Since the Cochrane Review on masking came out saying that, essentially, there is no evidence that masking does anything to prevent the spread of COVID, I’ve seen on Twitter and now today in this Slate piece arguments that say, “Well, masks may not help at the population level, but they still help an individual”. Quote from slate:
“The Cochrane Review tells us two important things. First, there have been very few high-quality studies examining the effectiveness of masks during the COVID pandemic, and second, from the little high-quality data we do have, we don’t see large impacts of masking in preventing viral infections on the population level,” Jennifer Nuzzo, director of the pandemic center at Brown University School of Public Health, told Slate. “This doesn’t necessarily mean masks don’t protect individuals. But it could mean that the way they’re used at the population level is not effective. We need more randomized trials to understand why.”
This is, in a word, bullshit. The reason this is surely bullshit is because it is (almost) always easier to pick up a signal at a population level than at an individual level. The opposite of what they are currently saying would be way more plausible, i.e. it would be much more likely to be in a situation where we could not detect/prove any effect at an individual level, yet we see a clear signal at a population level. This is simply the nature of aggregation of data.

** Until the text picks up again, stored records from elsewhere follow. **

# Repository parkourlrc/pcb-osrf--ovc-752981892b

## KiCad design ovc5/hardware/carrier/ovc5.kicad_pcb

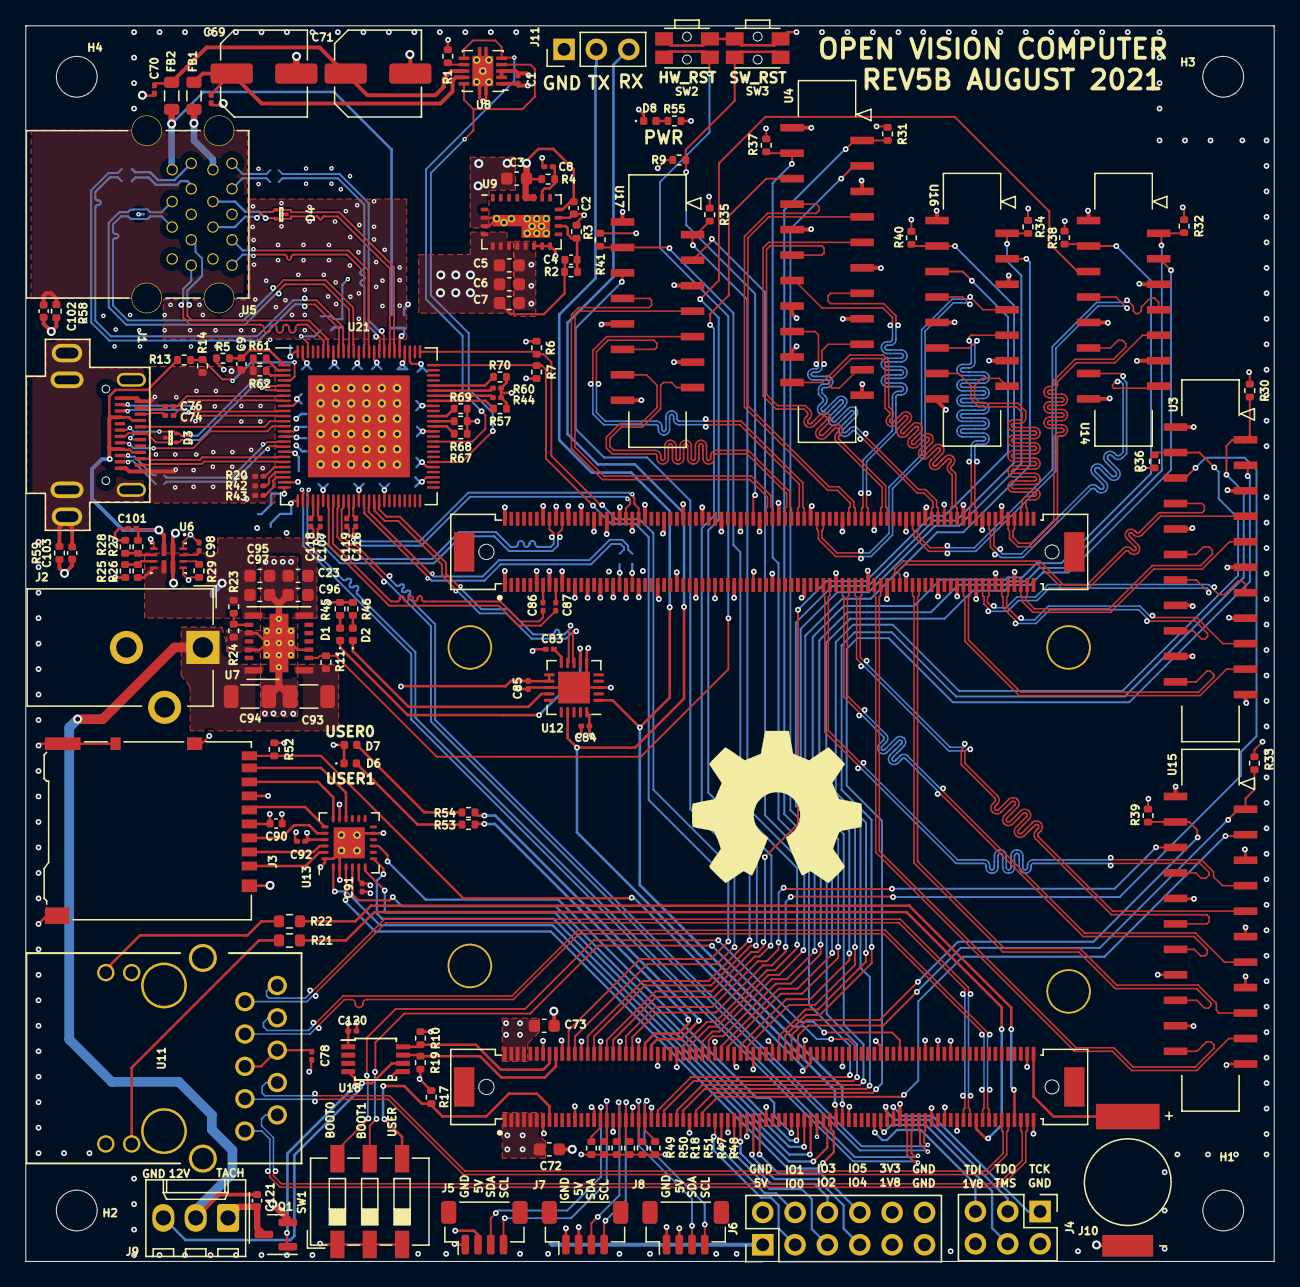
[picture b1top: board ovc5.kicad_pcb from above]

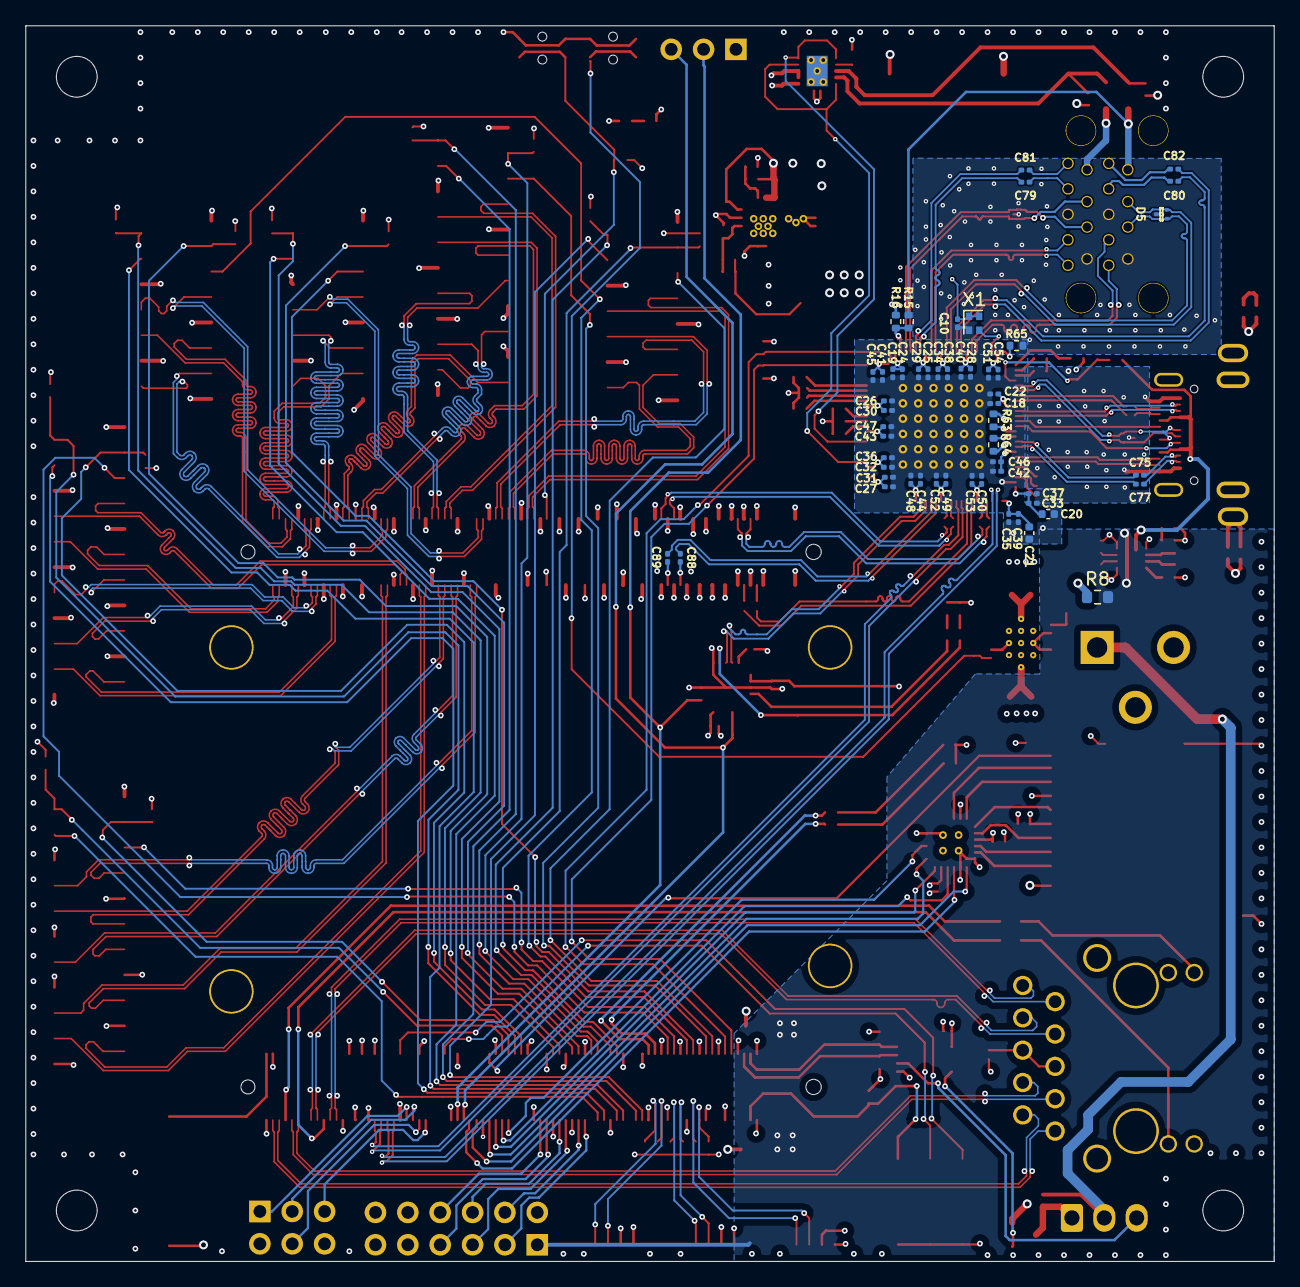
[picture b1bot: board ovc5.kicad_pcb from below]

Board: 6 copper layers, 98.0 x 97.0 mm, 202 parts (53 on the bottom side), 236 nets.

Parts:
C1, C8, C10, C18, C19, C25, C26, C27, C32, C33, C34, C35, C40, C41, C42, C43, C44, C49, C50, C51, C68, C70, C74, C75, C76, C77, C78, C79, C80, C81, C82, C83, C84, C85, C86, C87, C88, C89, C91, C92, C98, C101, C107, C116, C118, C119, C120: 100n; C_0201_0603Metric
C2, C9, C90, C121: 1u; C_0402_1005Metric
C3, C5, C6, C7, C23, C72, C73, C95, C96, C97: 22u; C_0603_1608Metric
C4: 10p; C_0402_1005Metric
C20, C21: 4u7; C_0402_1005Metric
C22, C24, C28, C29, C30, C31, C36, C37, C38, C39, C45, C46, C47, C48, C52, C53, C54: 1n; C_0201_0603Metric
C69, C71: 150u; C_Elec_6.3x7.7
C93, C94: 10u; C_1206_3216Metric
C102, C103: 2n2; C_0402_1005Metric
D1, D2, D6, D7, D8: LED_Small; LED_0402_1005Metric
D3, D4, D5: D_TVS_Dual_AAC; TPD2EUSB30x
FB1, FB2: MH2029-100Y; L_0805_2012Metric
H1, H2, H3, H4: MountingHole; MountingHole_3.2mm_M3
J1: USB_C_Receptacle; Amphenol_12402056E512A
J2: AUX_PWR; BarrelJack_CUI_PJ-102AH_Horizontal
J3: Micro_SD_Card_Det_Hirose_DM3AT; microSD_HC_Hirose_DM3AT-SF-PEJM5
J4: JTAG; PinHeader_2x03_P2.54mm_Vertical
J5, J7, J8: Conn_01x04; JST_SH_BM04B-SRSS-TB_1x04-1MP_P1.00mm_Vertical
J6: Conn_02x06_Odd_Even; PinHeader_2x06_P2.54mm_Vertical
J9: Conn_01x03; Molex_KK-254_AE-6410-03A_1x03_P2.54mm_Vertical
J10: Conn_01x02; ELNA_DSK-3R3H224U-HL
J11: Conn_01x03; PinHeader_1x03_P2.54mm_Vertical
LOGO1: Logo_Open_Hardware_Large; OSHW-Symbol_13.4x12mm_SilkScreen
Q1: Q_NMOS_GSD; SOT-23
R1, R4, R9, R11, R25, R27: 47k; R_0402_1005Metric
R2: 348k; R_0402_1005Metric
R3: 357k; R_0402_1005Metric
R5, R29: 20k; R_0402_1005Metric
R6, R7, R10, R19: 4.7k; R_0402_1005Metric
R8: JMP; R_0603_1608Metric
R13, R15: 43k; R_0402_1005Metric
R14, R16: 49.9k; R_0402_1005Metric
R17, R23, R26, R28, R52, R61, R62, R63, R64, R67, R68, R69: 10k; R_0402_1005Metric
R18, R24, R30, R31, R32, R33, R34, R35, R36, R37, R38, R39, R40, R41, R47, R48, R49, R50, R51: 2k4; R_0402_1005Metric
R20, R42, R43, R44, R60: 200k; R_0201_0603Metric
R21, R22: 110R; R_0603_1608Metric
R45, R46, R53, R54, R55: 220R; R_0402_1005Metric
R57, R58, R59, R70: 100k; R_0402_1005Metric
R65: 12k; R_0402_1005Metric
SW1: SW_DIP_x03; SW_DIP_SPSTx03_Slide_6.7x9.18mm_W6.73mm_P2.54mm_LowProfile_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
SW2: Reset_Hardware; SW_SPST_EVQP7C
SW3: Reset_Software; SW_SPST_EVQP7C
U1: Mercury_XU5_4CG-4EV-5EV; Mercury_XU5
U3, U4, U15: PICAM_Expandable_Reversed; AMPHENOL_SFW22S
U5: USB3_A_Dual_Stacked
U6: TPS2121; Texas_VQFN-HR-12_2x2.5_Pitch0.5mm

You can add together a large number of insignificant values and arrive at significant value. For example, suppose we required (somehow) everyone in the world to check that their tires were properly inflated before they began to drive anywhere. Trying to measure the impact on the probability of an accident for a single driver for a single time driving would surely result in a value so close to zero that we would not have any confidence saying this practice did anything. However, if we aggregate all the data for all drivers for many trips, it’s very possible that we would be able to detect a small, but statistically significant reduction in traffic accidents.
On the other hand, it is not possible (except in a case I’ll mention below*), to aggregate data that is significant at an individual level and not be significant at a population level. Back to our example above… suppose we proved that by checking the air in his tires, T Coddington reduces his chance of an accident by 5% each time he drives. How in the world, do you add up a bunch of T Coddingtons and claim and arrive at “no impact” at a population level? That is essentially what the folks saying masks might work at an individual level, but not population level want you to believe. Masks work for Jim, Bob, Sally, and Betsy each individually, but not for the group Jim, Bob, Sally and Betsy. Bullshit.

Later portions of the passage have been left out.